Khubaib Ahmad, Muhammad Asif Ayub, Kashif Ahmad, Ala Al-Fuqaha, Nasir Ahmad

    Research output: Contribution to journalConference articlepeer-review

    Abstract

    This paper presents a solutions for the MediaEval 2021 task namely”Visual Sentiment Analysis: A Natural Disaster Use-case”. The task aims to extract and classify sentiments perceived by viewers and the emotional message conveyed by natural disaster-related images shared on social media. The task is composed of three sub-tasks including, one single label multi-class image classification subtask, and, two multi-label multi-class image classification subtasks. Both the multi-label classification tasks cover different sets of labels. In our proposed solutions, we mainly rely on two different state-of-the-art models namely, Inception-v3 and VggNet-19, pre-trained on ImageNet. Both the pre-trained models are fine-tuned for each of the three subtasks using different strategies. Overall encouraging results are obtained on all of the three subtasks.

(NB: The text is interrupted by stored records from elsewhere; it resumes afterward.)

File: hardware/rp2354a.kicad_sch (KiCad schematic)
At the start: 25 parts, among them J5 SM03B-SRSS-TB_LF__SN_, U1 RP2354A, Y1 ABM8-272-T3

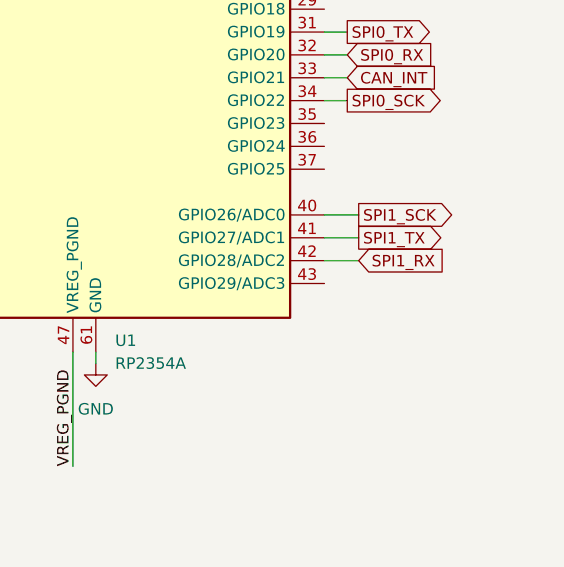
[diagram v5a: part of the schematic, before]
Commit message: CAN ADC on the board
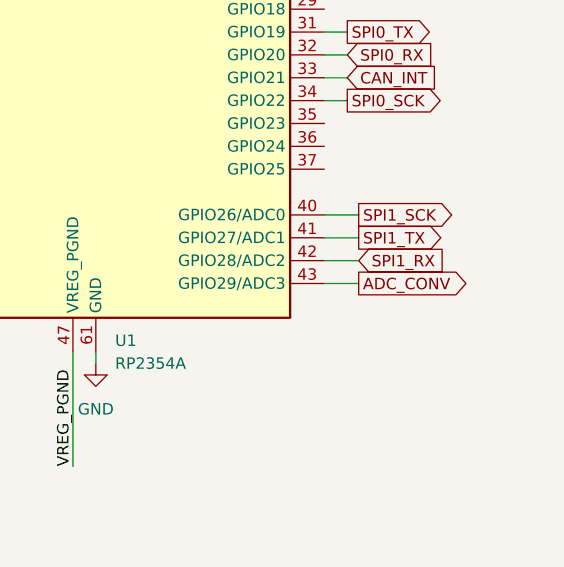
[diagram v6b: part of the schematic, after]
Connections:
- net ADC_CONV: now reaches U1.43 (GPIO29/ADC3)
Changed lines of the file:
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@@
+	(wire
+		(pts
+			(xy 238.76 139.7) (xy 242.57 139.7)
+		)
+		(stroke
+			(width 0)
+			(type default)
+		)
+	)
 	(wire
 		(pts
@@
 			(hide yes)
 			(show_name no)
+			(do_not_autoplace no)
+			(effects
+				(font
+					(size 1.27 1.27)
+				)
+				(justify left)
+			)
+		)
+	)
+	(global_label "ADC_CONV"
+		(shape output)
+		(at 242.57 139.7 0)
+		(fields_autoplaced yes)
+		(effects
+			(font
+				(size 1.27 1.27)
+			)
+			(justify left)
+		)
+		(property "Intersheetrefs" "${INTERSHEET_REFS}"
+			(at 255.171 139.7 0)
+			(hide yes)
+			(show_name no)

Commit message: Further iso bridge development
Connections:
- net CAN_INT: now also U1.35 (GPIO23); no longer U1.33 (GPIO21)
- net CAN_INT1: now reaches U1.36 (GPIO24)
- net ADC_CONV renamed SPI1_CS
- new net SPI0_CS: U1.33 (GPIO21)
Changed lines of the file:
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@@
+	(wire
+		(pts
+			(xy 175.26 88.9) (xy 187.96 88.9)
+		)
+		(stroke
+			(width 0)
+			(type default)
+		)
+	)
+	(wire
+		(pts
+			(xy 46.99 101.6) (xy 59.69 101.6)
+		)
+		(stroke
+			(width 0)
+			(type default)
+		)
+	)
+	(wire
+		(pts
+			(xy 166.37 29.21) (xy 154.94 29.21)
+		)
+		(stroke
+			(width 0)
+			(type default)
+		)
+	)
+	(wire
+		(pts
+			(xy 86.36 53.34) (xy 100.33 53.34)
+		)
+		(stroke
+			(width 0)
+			(type default)
+		)
+	)
+	(wire
+		(pts
+			(xy 91.44 127) (xy 46.99 127)
+		)
+		(stroke
+			(width 0)
+			(type default)
+		)
+	)
+	(wire
+		(pts
+			(xy 123.19 167.64) (xy 121.92 167.64)
+		)
+		(stroke
+			(width 0)
+			(type default)
+		)
+	)
+	(wire
+		(pts
+			(xy 203.2 46.99) (xy 208.28 46.99)
+		)
+		(stroke
+			(width 0)
+			(type default)
+		)
+	)
+	(wire
+		(pts
+			(xy 44.45 53.34) (xy 44.45 43.18)
+		)
+		(stroke
+			(width 0)
+			(type default)
+		)
+	)
+	(wire
+		(pts
+			(xy 39.37 53.34) (xy 44.45 53.34)
+		)
+		(stroke
+			(width 0)
+			(type default)
+		)
+	)
+	(wire
+		(pts
+			(xy 143.51 29.21) (xy 132.08 29.21)
+		)
+		(stroke
+			(width 0)
+			(type default)
+		)
+	)
+	(wire
+		(pts
+			(xy 91.44 43.18) (xy 85.09 43.18)
+		)
+		(stroke
+			(width 0)
+			(type default)
+		)
+	)
+	(wire
+		(pts
+			(xy 120.65 30.48) (xy 120.65 29.21)
+		)
+		(stroke
+			(width 0)
+			(type default)
+		)
+	)
+	(wire
+		(pts
+			(xy 88.9 88.9) (xy 78.74 88.9)
+		)
+		(stroke
+			(width 0)
+			(type default)
+		)
+	)
+	(wire
+		(pts
+			(xy 231.14 33.02) (xy 242.57 33.02)
+		)
+		(stroke
+			(width 0)
+			(type default)
+		)
+	)
+	(wire
+		(pts
+			(xy 154.94 39.37) (xy 166.37 39.37)
+		)
+		(stroke
+			(width 0)
+			(type default)
+		)
+	)
+	(wire
+		(pts
+			(xy 242.57 43.18) (xy 254 43.18)
+		)
+		(stroke
+			(width 0)
+			(type default)
+		)
+	)
 	(wire
 		(pts
@@
 	(wire
 		(pts
-			(xy 175.26 88.9) (xy 187.96 88.9)
-		)
-		(stroke
-			(width 0)
-			(type default)
-		)
-	)
-	(wire
-		(pts
-			(xy 46.99 101.6) (xy 59.69 101.6)
-		)
-		(stroke
-			(width 0)
-			(type default)
-		)
-	)
-	(wire
-		(pts
-			(xy 166.37 29.21) (xy 154.94 29.21)
-		)
-		(stroke
-			(width 0)
-			(type default)
-		)
-	)
-	(wire
-		(pts
-			(xy 86.36 53.34) (xy 100.33 53.34)
-		)
-		(stroke
-			(width 0)
-			(type default)
-		)
-	)
-	(wire
-		(pts
-			(xy 91.44 127) (xy 46.99 127)
-		)
-		(stroke
-			(width 0)
-			(type default)
-		)
-	)
-	(wire
-		(pts
-			(xy 123.19 167.64) (xy 121.92 167.64)
-		)
-		(stroke
-			(width 0)
-			(type default)
-		)
-	)
-	(wire
-		(pts
-			(xy 203.2 46.99) (xy 208.28 46.99)
-		)
-		(stroke
-			(width 0)
-			(type default)
-		)
-	)
-	(wire
-		(pts
-			(xy 44.45 53.34) (xy 44.45 43.18)
-		)
-		(stroke
-			(width 0)
-			(type default)
-		)
-	)
-	(wire
-		(pts
-			(xy 39.37 53.34) (xy 44.45 53.34)
-		)
-		(stroke
-			(width 0)
-			(type default)
-		)
-	)
-	(wire
-		(pts
-			(xy 143.51 29.21) (xy 132.08 29.21)
-		)
-		(stroke
-			(width 0)
-			(type default)
-		)
-	)
-	(wire
-		(pts
-			(xy 91.44 43.18) (xy 85.09 43.18)
-		)
-		(stroke
-			(width 0)
-			(type default)
-		)
-	)
-	(wire
-		(pts
-			(xy 120.65 30.48) (xy 120.65 29.21)
-		)
-		(stroke
-			(width 0)
-			(type default)
-		)
-	)
-	(wire
-		(pts
-			(xy 88.9 88.9) (xy 78.74 88.9)
-		)
-		(stroke
-			(width 0)
-			(type default)
-		)
-	)
-	(wire
-		(pts
-			(xy 231.14 33.02) (xy 242.57 33.02)
-		)
-		(stroke
-			(width 0)
-			(type default)
-		)
-	)
-	(wire
-		(pts
-			(xy 154.94 39.37) (xy 166.37 39.37)
-		)
-		(stroke
-			(width 0)
-			(type default)
-		)
-	)
-	(wire
-		(pts
-			(xy 242.57 43.18) (xy 254 43.18)
-		)
-		(stroke
-			(width 0)
-			(type default)
-		)
-	)
-	(wire
-		(pts
 			(xy 24.13 44.45) (xy 29.21 44.45)
 		)
@@
 	(wire
 		(pts
+			(xy 238.76 124.46) (xy 241.3 124.46)
+		)
+		(stroke
+			(width 0)
+			(type default)
+		)
+	)
+	(wire
+		(pts
 			(xy 166.37 30.48) (xy 166.37 29.21)
 		)
@@
 		(pts
 			(xy 220.98 43.18) (xy 220.98 55.88)
+		)
+		(stroke
+			(width 0)
+			(type default)
+		)
+	)
+	(wire
+		(pts
+			(xy 238.76 121.92) (xy 241.3 121.92)
 		)
 		(stroke
@@
 		)
 	)
+	(global_label "CAN_INT1"
+		(shape input)
+		(at 241.3 124.46 0)
+		(fields_autoplaced yes)
+		(effects
+			(font
+				(size 1.27 1.27)
+			)
+			(justify left)
+		)
+		(property "Intersheetrefs" "${INTERSHEET_REFS}"
+			(at 253.0543 124.46 0)
+			(hide yes)
+			(show_name no)
+			(do_not_autoplace no)
+			(effects
+				(font
+					(size 1.27 1.27)
+				)
+				(justify left)
+			)
+		)
+	)
 	(global_label "USB_D+"
 		(shape input)
@@
 	(global_label "CAN_INT"
 		(shape input)
+		(at 241.3 121.92 0)
+		(fields_autoplaced yes)
+		(effects
+			(font
+				(size 1.27 1.27)
+			)
+			(justify left)
+		)
+		(property "Intersheetrefs" "${INTERSHEET_REFS}"
+			(at 251.8448 121.92 0)
+			(hide yes)
+			(show_name no)
+			(do_not_autoplace no)
+			(effects
+				(font
+					(size 1.27 1.27)
+				)
+				(justify left)
+			)
+		)
+	)
+	(global_label "SPI0_CS"
+		(shape output)
 		(at 241.3 116.84 0)
 		(fields_autoplaced yes)
@@
 		)
 		(property "Intersheetrefs" "${INTERSHEET_REFS}"
-			(at 251.8448 116.84 0)
+			(at 252.0261 116.84 0)
 			(hide yes)
 			(show_name no)
@@
 		)
 	)
-	(global_label "ADC_CONV"
+	(global_label "SPI1_CS"
 		(shape output)
 		(at 242.57 139.7 0)
@@
 		)
 		(property "Intersheetrefs" "${INTERSHEET_REFS}"
-			(at 255.171 139.7 0)
+			(at 253.2961 139.7 0)
 			(hide yes)
 			(show_name no)

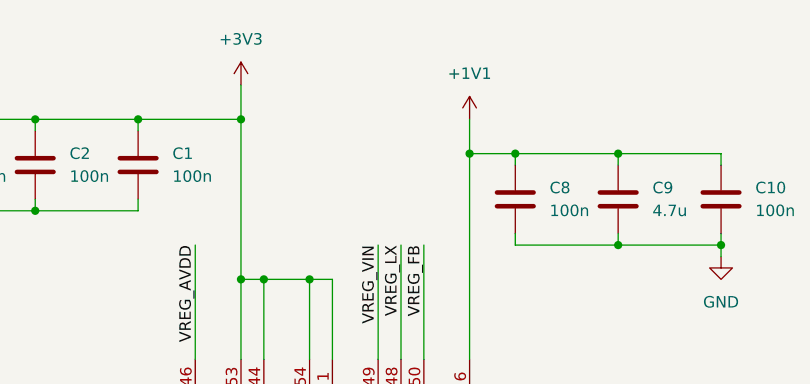
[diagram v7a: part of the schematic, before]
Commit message: Completed ADC, new components and test points
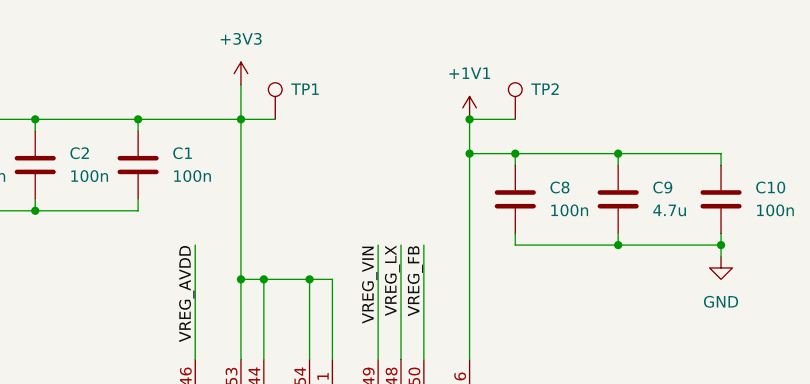
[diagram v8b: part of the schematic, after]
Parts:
- added TP1, TP2: TestPoint, TestPoint:TestPoint_Pad_D1.0mm, symbol Connector:TestPoint
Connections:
- net +1V1: now also TP2.1
- net +3V3: now also TP1.1
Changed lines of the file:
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@@
 	)
 	(junction
+		(at 226.06 29.21)
+		(diameter 0)
+		(color 0 0 0 0)
+	)
+	(junction
 		(at 254 43.18)
 		(diameter 0)
@@
 	(wire
 		(pts
+			(xy 226.06 29.21) (xy 231.14 29.21)
+		)
+		(stroke
+			(width 0)
+			(type default)
+		)
+	)
+	(wire
+		(pts
 			(xy 208.28 46.99) (xy 208.28 55.88)
 		)
@@
 	(wire
 		(pts
+			(xy 200.66 29.21) (xy 204.47 29.21)
+		)
+		(stroke
+			(width 0)
+			(type default)
+		)
+	)
+	(wire
+		(pts
 			(xy 40.64 40.64) (xy 44.45 40.64)
 		)
@@
 	)
 	(symbol
+		(lib_id "Connector:TestPoint")
+		(at 204.47 29.21 0)
+		(unit 1)
+		(body_style 1)
+		(exclude_from_sim no)
+		(in_bom yes)
+		(on_board yes)
+		(in_pos_files yes)
+		(dnp no)
+		(property "Reference" "TP1"
+			(at 206.248 25.908 0)
+			(show_name no)
+			(do_not_autoplace no)
+			(effects
+				(font
+					(size 1.27 1.27)
+				)
+				(justify left)
+			)
+		)
+		(property "Value" "TestPoint"
+			(at 207.01 27.1779 0)
+			(hide yes)
+			(show_name no)
+			(do_not_autoplace no)
+			(effects
+				(font
+					(size 1.27 1.27)
+				)
+				(justify left)
+			)
+		)
+		(property "Footprint" "TestPoint:TestPoint_Pad_D1.0mm"
+			(at 209.55 29.21 0)
+			(hide yes)
+			(show_name no)
+			(do_not_autoplace no)
+			(effects
+				(font
+					(size 1.27 1.27)
+				)
+			)
+		)
+		(property "Datasheet" ""
+			(at 209.55 29.21 0)
+			(hide yes)
+			(show_name no)
+			(do_not_autoplace no)
+			(effects
+				(font
+					(size 1.27 1.27)
+				)
+			)
+		)
+		(property "Description" "test point"
+			(at 204.47 29.21 0)
+			(hide yes)
+			(show_name no)
+			(do_not_autoplace no)
+			(effects
+				(font
+					(size 1.27 1.27)
+				)
+			)
+		)
+		(pin "1"
+		)
+		(instances
+			(project "Stuttgart"
+				(path "/6d354744-ce95-4d5c-b7ae-1990dae66f7b/1e03cc0a-6ff0-4ffa-8c67-8bd6ffc32d81"
+					(reference "TP1")
+					(unit 1)
+				)
+			)
+		)
+	)
+	(symbol
 		(lib_id "power:GND")
 		(at 120.65 40.64 0)
@@
 					(unit 1)
 				)
+			)
+		)
+	)
+	(symbol
+		(lib_id "Connector:TestPoint")
+		(at 231.14 29.21 0)
+		(unit 1)
+		(body_style 1)
+		(exclude_from_sim no)
+		(in_bom yes)
+		(on_board yes)
+		(in_pos_files yes)
+		(dnp no)
+		(property "Reference" "TP2"
+			(at 232.918 25.908 0)
+			(show_name no)
+			(do_not_autoplace no)
+			(effects
+				(font
+					(size 1.27 1.27)
+				)
+				(justify left)
+			)
+		)
+		(property "Value" "TestPoint"
+			(at 233.68 27.1779 0)
+			(hide yes)
+			(show_name no)
+			(do_not_autoplace no)
+			(effects
+				(font
+					(size 1.27 1.27)
+				)
+				(justify left)
+			)
+		)
+		(property "Footprint" "TestPoint:TestPoint_Pad_D1.0mm"
+			(at 236.22 29.21 0)
+			(hide yes)
+			(show_name no)
+			(do_not_autoplace no)
+			(effects
+				(font
+					(size 1.27 1.27)
+				)
+			)
+		)
+		(property "Datasheet" ""
+			(at 236.22 29.21 0)
+			(hide yes)
+			(show_name no)
+			(do_not_autoplace no)
+			(effects
+				(font
+					(size 1.27 1.27)
+				)
+			)
+		)
+		(property "Description" "test point"
+			(at 231.14 29.21 0)
+			(hide yes)
+			(show_name no)
+			(do_not_autoplace no)
+			(effects
+				(font
+					(size 1.27 1.27)
+				)
+			)
+		)
+		(pin "1"
+		)
+		(instances
+			(project "Stuttgart"
+				(path "/6d354744-ce95-4d5c-b7ae-1990dae66f7b/1e03cc0a-6ff0-4ffa-8c67-8bd6ffc32d81"
+					(reference "TP2")
+					(unit 1)
+				)

On the single-label classification subtask (i.e. subtask 1), we obtained the weighted average F1-scores of 0.540 and 0.526 for the Inception-v3 and VggNet-19 based solutions, respectively. On the multi-label classification tasks i.e., subtask 2 and subtask 3, the weighted F1-scores of our Inceptionv3 based solutions are 0.572 and 0.516, respectively. Similarly, the weighted F1-scores of our VggNet-19 based solution on the subtask 2 and subtask 3 are 0.584 and 0.495, respectively.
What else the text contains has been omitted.